Only a slice of the listing below is wanted. Retype the lines from the one containing "#86=DIRECTION('',(0.,0.,-1.));" through the one containing "#93=DIRECTION('',(0.,-1.,0.));", exactly, both ends included.

Content starts

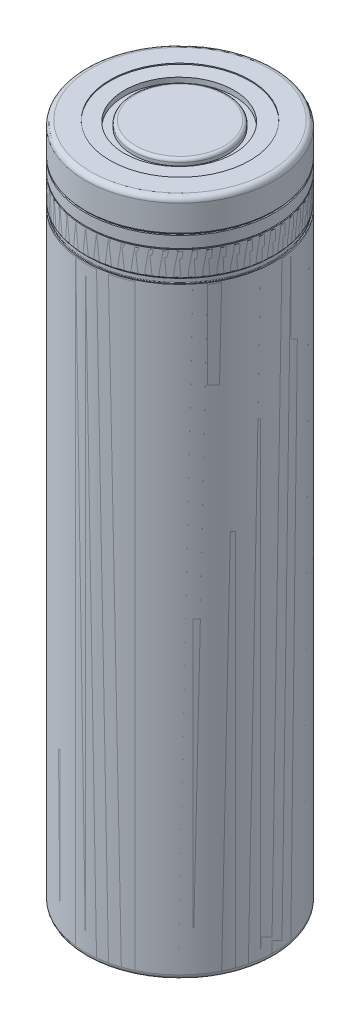
ISO-10303-21;
HEADER;
FILE_DESCRIPTION(('STEP AP214'),'2;1');
FILE_NAME('part.step','',(''),(''),'','','');
FILE_SCHEMA(('AUTOMOTIVE_DESIGN { 1 0 10303 214 1 1 1 1 }'));
ENDSEC;
DATA;
#1=APPLICATION_CONTEXT('core data for automotive mechanical design processes');
#2=APPLICATION_PROTOCOL_DEFINITION('international standard','automotive_design',2000,#1);
#3=PRODUCT_CONTEXT('',#1,'mechanical');
#4=PRODUCT('Part','Part','',(#3));
#5=PRODUCT_RELATED_PRODUCT_CATEGORY('part','',(#4));
#6=PRODUCT_DEFINITION_FORMATION('','',#4);
#7=PRODUCT_DEFINITION_CONTEXT('part definition',#1,'design');
#8=PRODUCT_DEFINITION('design','',#6,#7);
#9=PRODUCT_DEFINITION_SHAPE('','',#8);
#10=(LENGTH_UNIT() NAMED_UNIT(*) SI_UNIT(.MILLI.,.METRE.));
#11=(NAMED_UNIT(*) PLANE_ANGLE_UNIT() SI_UNIT($,.RADIAN.));
#12=(NAMED_UNIT(*) SI_UNIT($,.STERADIAN.) SOLID_ANGLE_UNIT());
#13=UNCERTAINTY_MEASURE_WITH_UNIT(LENGTH_MEASURE(1.E-05),#10,'distance_accuracy_value','');
#14=(GEOMETRIC_REPRESENTATION_CONTEXT(3) GLOBAL_UNCERTAINTY_ASSIGNED_CONTEXT((#13)) GLOBAL_UNIT_ASSIGNED_CONTEXT((#10,
#11,#12)) REPRESENTATION_CONTEXT('',''));
#15=CARTESIAN_POINT('',(0.,0.,0.));
#16=DIRECTION('',(0.,0.,1.));
#17=DIRECTION('',(1.,0.,0.));
#18=AXIS2_PLACEMENT_3D('',#15,#16,#17);
#19=CARTESIAN_POINT('',(0.,61.4383725555333,0.));
#20=DIRECTION('',(0.,1.,0.));
#21=DIRECTION('',(0.,0.,1.));
#22=AXIS2_PLACEMENT_3D('',#19,#20,#21);
#23=PLANE('',#22);
#24=CARTESIAN_POINT('',(0.,61.4383725555333,0.));
#25=DIRECTION('',(0.,1.,0.));
#26=DIRECTION('',(0.,0.,1.));
#27=AXIS2_PLACEMENT_3D('',#24,#25,#26);
#28=CIRCLE('',#27,9.165);
#29=CARTESIAN_POINT('',(0.,61.4383725555333,9.165));
#30=VERTEX_POINT('',#29);
#31=EDGE_CURVE('E53',#30,#30,#28,.T.);
#32=ORIENTED_EDGE('',*,*,#31,.T.);
#33=EDGE_LOOP('',(#32));
#34=FACE_BOUND('',#33,.T.);
#35=ADVANCED_FACE('F49',(#34),#23,.T.);
#36=CARTESIAN_POINT('',(0.,65.85,0.));
#37=DIRECTION('',(0.,-1.,0.));
#38=DIRECTION('',(0.,0.,-1.));
#39=AXIS2_PLACEMENT_3D('',#36,#37,#38);
#40=CYLINDRICAL_SURFACE('',#39,9.165);
#41=CARTESIAN_POINT('',(0.,59.0909668765543,0.));
#42=DIRECTION('',(0.,-1.,0.));
#43=DIRECTION('',(0.,0.,-1.));
#44=AXIS2_PLACEMENT_3D('',#41,#42,#43);
#45=CIRCLE('',#44,9.165);
#46=CARTESIAN_POINT('',(0.,59.0909668765543,-9.165));
#47=VERTEX_POINT('',#46);
#48=EDGE_CURVE('E12',#47,#47,#45,.T.);
#49=ORIENTED_EDGE('',*,*,#48,.F.);
#50=EDGE_LOOP('',(#49));
#51=FACE_BOUND('',#50,.T.);
#52=ORIENTED_EDGE('',*,*,#31,.F.);
#53=EDGE_LOOP('',(#52));
#54=FACE_BOUND('',#53,.T.);
#55=ADVANCED_FACE('F51',(#51,#54),#40,.T.);
#56=CARTESIAN_POINT('',(0.,59.0909668765543,0.));
#57=DIRECTION('',(0.,1.,0.));
#58=DIRECTION('',(0.,0.,1.));
#59=AXIS2_PLACEMENT_3D('',#56,#57,#58);
#60=PLANE('',#59);
#61=ORIENTED_EDGE('',*,*,#48,.T.);
#62=EDGE_LOOP('',(#61));
#63=FACE_BOUND('',#62,.T.);
#64=ADVANCED_FACE('F67',(#63),#60,.F.);
#65=CLOSED_SHELL('',(#35,#55,#64));
#66=MANIFOLD_SOLID_BREP('B2_NOT_SHOWN',#65);
#67=CARTESIAN_POINT('',(0.,0.1,0.));
#68=DIRECTION('',(0.,-1.,0.));
#69=DIRECTION('',(0.,0.,-1.));
#70=AXIS2_PLACEMENT_3D('',#67,#68,#69);
#71=PLANE('',#70);
#72=CARTESIAN_POINT('',(0.,0.1,0.));
#73=DIRECTION('',(0.,-1.,0.));
#74=DIRECTION('',(0.,0.,-1.));
#75=AXIS2_PLACEMENT_3D('',#72,#73,#74);
#76=CIRCLE('',#75,7.21277114192617);
#77=CARTESIAN_POINT('',(0.,0.1,-7.21277114192617));
#78=VERTEX_POINT('',#77);
#79=EDGE_CURVE('E123',#78,#78,#76,.T.);
#80=ORIENTED_EDGE('',*,*,#79,.T.);
#81=EDGE_LOOP('',(#80));
#82=FACE_BOUND('',#81,.T.);
#83=ADVANCED_FACE('F100',(#82),#71,.T.);
#84=CARTESIAN_POINT('',(0.,0.1,0.));
#85=DIRECTION('',(0.,-1.,0.));
#86=DIRECTION('',(0.,0.,-1.));
#87=AXIS2_PLACEMENT_3D('',#84,#85,#86);
#88=CYLINDRICAL_SURFACE('',#87,7.21277114192617);
#89=ORIENTED_EDGE('',*,*,#79,.F.);
#90=EDGE_LOOP('',(#89));
#91=FACE_BOUND('',#90,.T.);
#92=CARTESIAN_POINT('',(0.,0.,0.));
#93=DIRECTION('',(0.,-1.,0.));
#94=DIRECTION('',(0.,0.,-1.));
#95=AXIS2_PLACEMENT_3D('',#92,#93,#94);
#96=CIRCLE('',#95,7.21277114192617);
#97=CARTESIAN_POINT('',(0.,0.,-7.21277114192617));
#98=VERTEX_POINT('',#97);
#99=EDGE_CURVE('E119',#98,#98,#96,.T.);
#100=ORIENTED_EDGE('',*,*,#99,.T.);
#101=EDGE_LOOP('',(#100));
#102=FACE_BOUND('',#101,.T.);
#103=ADVANCED_FACE('F128',(#91,#102),#88,.F.);
#104=CARTESIAN_POINT('',(0.,0.,0.));
#105=DIRECTION('',(0.,1.,0.));
#106=DIRECTION('',(0.,0.,1.));
#107=AXIS2_PLACEMENT_3D('',#104,#105,#106);
#108=PLANE('',#107);
#109=CARTESIAN_POINT('',(0.,0.,0.));
#110=DIRECTION('',(0.,1.,0.));
#111=DIRECTION('',(0.,0.,1.));
#112=AXIS2_PLACEMENT_3D('',#109,#110,#111);
#113=CIRCLE('',#112,8.665);
#114=CARTESIAN_POINT('',(0.,0.,8.665));
#115=VERTEX_POINT('',#114);
#116=EDGE_CURVE('E114',#115,#115,#113,.F.);
#117=ORIENTED_EDGE('',*,*,#116,.T.);
#118=EDGE_LOOP('',(#117));
#119=FACE_BOUND('',#118,.T.);
#120=ORIENTED_EDGE('',*,*,#99,.F.);
#121=EDGE_LOOP('',(#120));
#122=FACE_BOUND('',#121,.T.);
#123=ADVANCED_FACE('F131',(#119,#122),#108,.F.);
#124=CARTESIAN_POINT('',(0.,0.5,0.));
#125=DIRECTION('',(0.,1.,0.));
#126=DIRECTION('',(0.,0.,1.));
#127=AXIS2_PLACEMENT_3D('',#124,#125,#126);
#128=TOROIDAL_SURFACE('',#127,8.665,0.5);
#129=ORIENTED_EDGE('',*,*,#116,.F.);
#130=EDGE_LOOP('',(#129));
#131=FACE_BOUND('',#130,.T.);
#132=CARTESIAN_POINT('',(0.,0.5,0.));
#133=DIRECTION('',(0.,1.,0.));
#134=DIRECTION('',(0.,0.,1.));
#135=AXIS2_PLACEMENT_3D('',#132,#133,#134);
#136=CIRCLE('',#135,9.165);
#137=CARTESIAN_POINT('',(0.,0.5,9.165));
#138=VERTEX_POINT('',#137);
#139=EDGE_CURVE('E108',#138,#138,#136,.T.);
#140=ORIENTED_EDGE('',*,*,#139,.F.);
#141=EDGE_LOOP('',(#140));
#142=FACE_BOUND('',#141,.T.);
#143=ADVANCED_FACE('F136',(#131,#142),#128,.T.);
#144=CARTESIAN_POINT('',(0.,65.85,0.));
#145=DIRECTION('',(0.,-1.,0.));
#146=DIRECTION('',(0.,0.,-1.));
#147=AXIS2_PLACEMENT_3D('',#144,#145,#146);
#148=CYLINDRICAL_SURFACE('',#147,9.165);
#149=ORIENTED_EDGE('',*,*,#139,.T.);
#150=EDGE_LOOP('',(#149));
#151=FACE_BOUND('',#150,.T.);
#152=CARTESIAN_POINT('',(0.,58.5264909565543,0.));
#153=DIRECTION('',(0.,1.,0.));
#154=DIRECTION('',(0.,0.,1.));
#155=AXIS2_PLACEMENT_3D('',#152,#153,#154);
#156=CIRCLE('',#155,9.165);
#157=CARTESIAN_POINT('',(0.,58.5264909565543,9.165));
#158=VERTEX_POINT('',#157);
#159=EDGE_CURVE('E48',#158,#158,#156,.T.);
#160=ORIENTED_EDGE('',*,*,#159,.F.);
#161=EDGE_LOOP('',(#160));
#162=FACE_BOUND('',#161,.T.);
#163=ADVANCED_FACE('F102',(#151,#162),#148,.T.);
#164=CARTESIAN_POINT('',(0.,58.5264909565542,0.));
#165=DIRECTION('',(0.,1.,0.));
#166=DIRECTION('',(0.,0.,1.));
#167=AXIS2_PLACEMENT_3D('',#164,#165,#166);
#168=PLANE('',#167);
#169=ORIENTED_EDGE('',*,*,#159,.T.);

Content ends

▶ _Task output_
#86=DIRECTION('',(0.,0.,-1.));
#87=AXIS2_PLACEMENT_3D('',#84,#85,#86);
#88=CYLINDRICAL_SURFACE('',#87,7.21277114192617);
#89=ORIENTED_EDGE('',*,*,#79,.F.);
#90=EDGE_LOOP('',(#89));
#91=FACE_BOUND('',#90,.T.);
#92=CARTESIAN_POINT('',(0.,0.,0.));
#93=DIRECTION('',(0.,-1.,0.));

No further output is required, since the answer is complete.